The mine of Valenciana, in Humboldt's time the most celebrated of Guanajuato, and the richest then known in Mexico, was not much wrought until the end of the eighteenth century, although it had been somewhat worked by the early Indians and the first Spanish settlers. In 1760, a poor man named Obregon, a Spaniard, began to explore a new vein. As he was a worthy man, he found friends willing to advance small sums from time to time to carry on his work. For several years the cost was much greater than the produce, but the pit grew rich as it became deep, and at last yielded quantities of sulphuretted silver. When Obregon, or, as he came to be called, the Count of Valenciana, began to work the vein, goats were browsing over the hill-tops all about the ravine of San Xavier. Ten years after, on the same spot, the climbing streets of Guanajuato sheltered a large population; and at present it is a flourishing city, surrounded by a region all rich in minerals. The produce from the mine at Valenciana has fallen behind that of other later veins, and scarcely covers the outlay.

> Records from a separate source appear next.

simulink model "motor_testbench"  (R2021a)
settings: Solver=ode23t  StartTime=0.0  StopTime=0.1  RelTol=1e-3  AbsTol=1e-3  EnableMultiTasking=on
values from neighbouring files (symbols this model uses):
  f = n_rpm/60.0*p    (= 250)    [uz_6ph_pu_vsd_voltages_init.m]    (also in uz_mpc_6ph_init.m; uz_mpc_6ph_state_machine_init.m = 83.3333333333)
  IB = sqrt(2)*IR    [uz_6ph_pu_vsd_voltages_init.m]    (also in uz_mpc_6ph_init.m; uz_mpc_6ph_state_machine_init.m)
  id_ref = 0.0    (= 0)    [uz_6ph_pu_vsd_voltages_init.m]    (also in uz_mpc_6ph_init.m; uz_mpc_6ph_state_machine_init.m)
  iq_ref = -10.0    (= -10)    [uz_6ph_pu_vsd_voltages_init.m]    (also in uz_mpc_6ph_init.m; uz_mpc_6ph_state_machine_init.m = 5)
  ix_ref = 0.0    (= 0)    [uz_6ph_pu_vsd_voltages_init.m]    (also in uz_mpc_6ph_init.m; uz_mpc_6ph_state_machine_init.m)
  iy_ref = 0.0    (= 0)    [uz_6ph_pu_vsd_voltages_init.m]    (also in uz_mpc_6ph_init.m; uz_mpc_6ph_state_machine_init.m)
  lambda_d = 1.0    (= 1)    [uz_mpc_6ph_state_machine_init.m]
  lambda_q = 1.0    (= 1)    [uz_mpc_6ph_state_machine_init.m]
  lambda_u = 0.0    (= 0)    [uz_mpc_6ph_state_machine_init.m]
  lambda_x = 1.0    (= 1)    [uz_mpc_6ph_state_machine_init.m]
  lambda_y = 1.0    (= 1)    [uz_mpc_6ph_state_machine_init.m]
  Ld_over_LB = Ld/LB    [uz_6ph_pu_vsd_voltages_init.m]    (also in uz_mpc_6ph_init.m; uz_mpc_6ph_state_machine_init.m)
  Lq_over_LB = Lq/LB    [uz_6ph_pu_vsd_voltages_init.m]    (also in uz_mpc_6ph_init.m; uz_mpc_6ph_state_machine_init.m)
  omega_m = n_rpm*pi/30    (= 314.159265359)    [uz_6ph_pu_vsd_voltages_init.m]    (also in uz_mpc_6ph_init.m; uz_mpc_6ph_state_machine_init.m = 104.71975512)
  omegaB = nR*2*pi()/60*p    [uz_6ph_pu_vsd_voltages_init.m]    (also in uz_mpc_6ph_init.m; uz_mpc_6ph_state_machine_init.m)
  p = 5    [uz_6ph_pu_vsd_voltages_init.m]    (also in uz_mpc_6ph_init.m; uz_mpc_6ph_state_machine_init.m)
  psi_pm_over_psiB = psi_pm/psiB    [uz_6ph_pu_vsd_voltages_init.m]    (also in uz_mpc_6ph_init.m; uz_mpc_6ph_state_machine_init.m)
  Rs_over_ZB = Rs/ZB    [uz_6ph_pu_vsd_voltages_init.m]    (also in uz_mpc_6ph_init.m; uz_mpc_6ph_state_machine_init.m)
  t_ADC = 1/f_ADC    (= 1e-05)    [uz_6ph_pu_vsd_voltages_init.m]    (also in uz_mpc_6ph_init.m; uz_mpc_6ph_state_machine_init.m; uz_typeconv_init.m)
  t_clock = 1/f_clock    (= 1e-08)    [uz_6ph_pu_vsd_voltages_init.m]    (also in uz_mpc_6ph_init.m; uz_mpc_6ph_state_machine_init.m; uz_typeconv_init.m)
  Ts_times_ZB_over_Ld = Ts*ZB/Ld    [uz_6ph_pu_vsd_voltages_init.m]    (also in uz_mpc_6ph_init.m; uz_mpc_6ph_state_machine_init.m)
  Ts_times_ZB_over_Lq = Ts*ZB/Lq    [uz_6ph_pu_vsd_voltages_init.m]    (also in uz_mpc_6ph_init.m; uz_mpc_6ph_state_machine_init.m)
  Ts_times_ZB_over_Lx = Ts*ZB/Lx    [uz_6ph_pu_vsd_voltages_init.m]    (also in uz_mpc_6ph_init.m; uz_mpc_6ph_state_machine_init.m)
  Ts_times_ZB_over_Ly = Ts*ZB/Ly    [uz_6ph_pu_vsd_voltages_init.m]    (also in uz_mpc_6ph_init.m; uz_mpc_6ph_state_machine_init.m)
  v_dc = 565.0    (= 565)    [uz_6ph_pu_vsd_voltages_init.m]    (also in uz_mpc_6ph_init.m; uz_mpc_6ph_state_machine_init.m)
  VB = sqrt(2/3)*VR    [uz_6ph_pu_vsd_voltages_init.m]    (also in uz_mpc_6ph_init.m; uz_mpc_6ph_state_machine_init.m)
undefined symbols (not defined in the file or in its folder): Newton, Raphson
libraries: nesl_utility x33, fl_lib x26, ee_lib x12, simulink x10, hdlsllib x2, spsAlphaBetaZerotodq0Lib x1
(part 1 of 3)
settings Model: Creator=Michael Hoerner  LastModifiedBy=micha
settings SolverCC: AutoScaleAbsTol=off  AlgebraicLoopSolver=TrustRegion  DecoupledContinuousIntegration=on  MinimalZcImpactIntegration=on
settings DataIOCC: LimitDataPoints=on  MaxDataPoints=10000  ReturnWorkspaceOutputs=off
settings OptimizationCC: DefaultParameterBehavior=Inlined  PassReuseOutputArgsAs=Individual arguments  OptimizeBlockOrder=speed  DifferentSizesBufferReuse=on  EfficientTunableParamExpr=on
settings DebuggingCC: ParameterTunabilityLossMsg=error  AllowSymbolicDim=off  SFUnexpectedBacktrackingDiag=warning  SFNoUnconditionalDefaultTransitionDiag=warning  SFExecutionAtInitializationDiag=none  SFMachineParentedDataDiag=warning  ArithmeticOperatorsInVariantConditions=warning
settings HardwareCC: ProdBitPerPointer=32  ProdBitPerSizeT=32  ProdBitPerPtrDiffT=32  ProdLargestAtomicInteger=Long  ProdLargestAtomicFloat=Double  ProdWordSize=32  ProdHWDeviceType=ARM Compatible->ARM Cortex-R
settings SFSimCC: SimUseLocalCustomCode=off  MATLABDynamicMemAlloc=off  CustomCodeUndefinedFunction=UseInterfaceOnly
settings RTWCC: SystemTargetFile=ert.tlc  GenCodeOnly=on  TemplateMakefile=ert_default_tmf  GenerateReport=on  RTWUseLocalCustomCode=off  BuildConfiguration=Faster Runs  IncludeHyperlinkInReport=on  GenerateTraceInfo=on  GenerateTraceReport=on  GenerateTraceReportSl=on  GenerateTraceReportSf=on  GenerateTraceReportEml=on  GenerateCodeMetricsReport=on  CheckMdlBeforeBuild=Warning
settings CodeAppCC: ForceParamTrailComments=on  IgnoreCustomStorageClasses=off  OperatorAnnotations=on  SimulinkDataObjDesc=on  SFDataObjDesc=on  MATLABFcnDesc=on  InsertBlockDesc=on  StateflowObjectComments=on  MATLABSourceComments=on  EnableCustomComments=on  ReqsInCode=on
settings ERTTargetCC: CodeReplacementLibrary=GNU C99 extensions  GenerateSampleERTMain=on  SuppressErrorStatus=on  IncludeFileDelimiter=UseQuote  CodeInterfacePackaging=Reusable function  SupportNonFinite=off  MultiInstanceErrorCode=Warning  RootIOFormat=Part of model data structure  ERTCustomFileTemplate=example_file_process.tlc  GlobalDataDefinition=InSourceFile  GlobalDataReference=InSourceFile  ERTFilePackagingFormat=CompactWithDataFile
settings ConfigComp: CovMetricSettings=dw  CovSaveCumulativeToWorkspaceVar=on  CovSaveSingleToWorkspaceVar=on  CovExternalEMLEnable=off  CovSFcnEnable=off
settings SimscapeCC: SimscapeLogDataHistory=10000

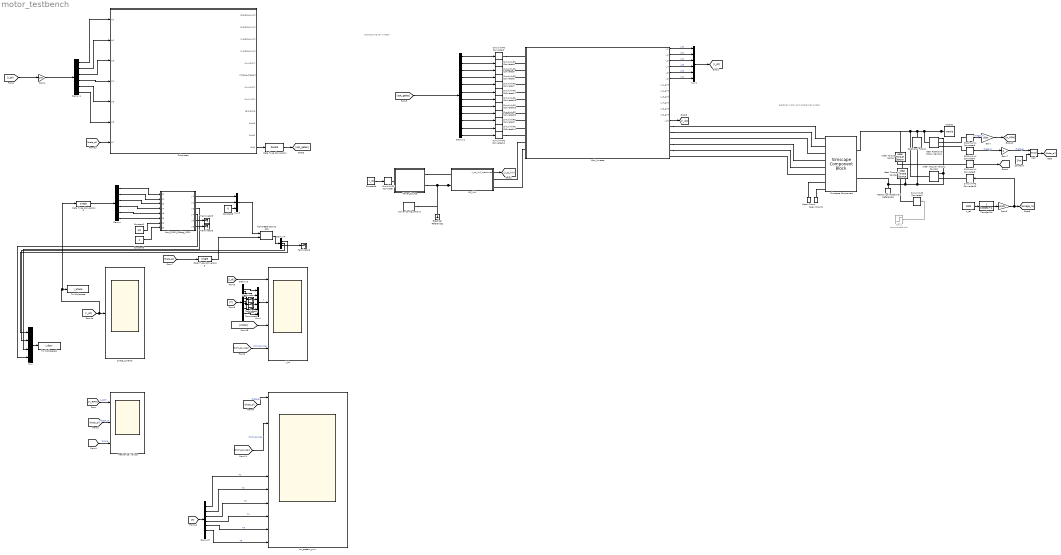
== system motor_testbench ==
  note: electrical motor and mechanical system
  note: 6-phase 2-level inverter
  6ph_Inverter : Subsystem
  6ph_PMSM_30deg_VSD1 : MATLAB Function  TreatAsAtomicUnit=on
  Alpha-Beta-Zero to dq0 : spsAlphaBetaZerotodq0Lib/Alpha-Beta-Zero to dq0  Alignment=Aligned with phase A axis
      settings: SourceProductBaseCode=PS
  Constant : Constant  Value=2*pi
  Constant1 : Constant  Value=1/3
  Constant6 : Constant  Value=v_dc
  Constant8 : Constant  Value=0  OutDataTypeStr=single
  Constant9 : Constant
  DC_link : Subsystem
  Data Type Conversion : DataTypeConversion  OutDataTypeStr=double  LockScale=on
  Data Type Conversion5 : DataTypeConversion  OutDataTypeStr=single
  Data Type Conversion6 : DataTypeConversion  OutDataTypeStr=single
  Demux : Demux  Outputs=6
  Demux1 : Demux  Outputs=6
  Demux2 : Demux  Outputs=12
  Demux3 : Demux  Outputs=12
  Demux4 : Demux  Outputs=3
  Demux5 : Demux  Outputs=12
  Electrical Reference1 : fl_lib/Electrical/Electrical Elements/Electrical Reference
  Gain : Gain  Gain=30/pi
  Gain1 : Gain  Gain=1/IB
  Gain7 : Gain  Gain=p
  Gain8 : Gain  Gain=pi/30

Humboldt went from Guanajuato to Valladolid, which had not yet changed its name in honor of the mule-driver, Morelos, who had, however, already begun to study in the Colegio of San Nicholas. Valladolid was a small city of eighteen thousand inhabitants. Humboldt says it contained nothing worthy of notice, but an aqueduct and a bishop's palace. He could not fail to admire the lofty picturesque arches of that aqueduct of warm yellow stone, whose long lines vanish in perspective, shaded by great ash trees. He does full justice to the beauty of Patzcuaro, which he declares would alone have repaid him for his voyage across the ocean. Humboldt spent some time there, and his memory of his visit is still preserved in the name of a lofty hill overlooking the lake, named Humboldt's mountain. The hospitable, courteous citizens of Patzcuaro still point out with pride his favorite points of view. They fully appreciate, as he did, the attractions of their lovely lakes.

The volcano Jorullo, twenty leagues south of Patzcuaro, was first made known to men of science in Europe by Humboldt's account of it.

In the middle of the eighteenth century the site of this volcano was covered with peaceful fields of sugar-cane, cotton, and indigo, watered by artificial means, belonging to the plantation of San Pedro de Jorullo. In June, 1759, for the first time, hollow noises from under the ground began to make themselves heard, and in September a tract of ground three or four square miles in extent humped up like a bubble. Thick vapors, smoke, and flames were seen to issue from this area, which rose and fell like the ocean. Large masses of rock and earth sprung up as if from a chasm, and the highest of these developed into a volcano, which burned steadily, throwing up lava and hot ashes for several months.

The Indians were greatly terrified by such a spectacle, as well they might be. Flames were seen at Patzcuaro, and even at Querétaro, many miles away. The roofs of houses were covered with ashes, and the rich plantations of San Pedro reduced to a barren plain. They believed that some missionary monks who were ill received at the plantation poured out horrid imprecations upon the fertile spot, and prophesied that it should be swallowed up by flames rising out of the earth. Whether these vindictive monks had anything to do with it or no, the hacienda of Jorullo was destroyed, all the trees thrown down and buried in sand and ashes from the volcano. The field and roads were covered with sand, crops destroyed, and flocks perished, unable to drink the infected water.

The eruptions grew gradually less and ceased during the following year, but the mountain, with its extinct crater, remains in the place of the once fertile hacienda.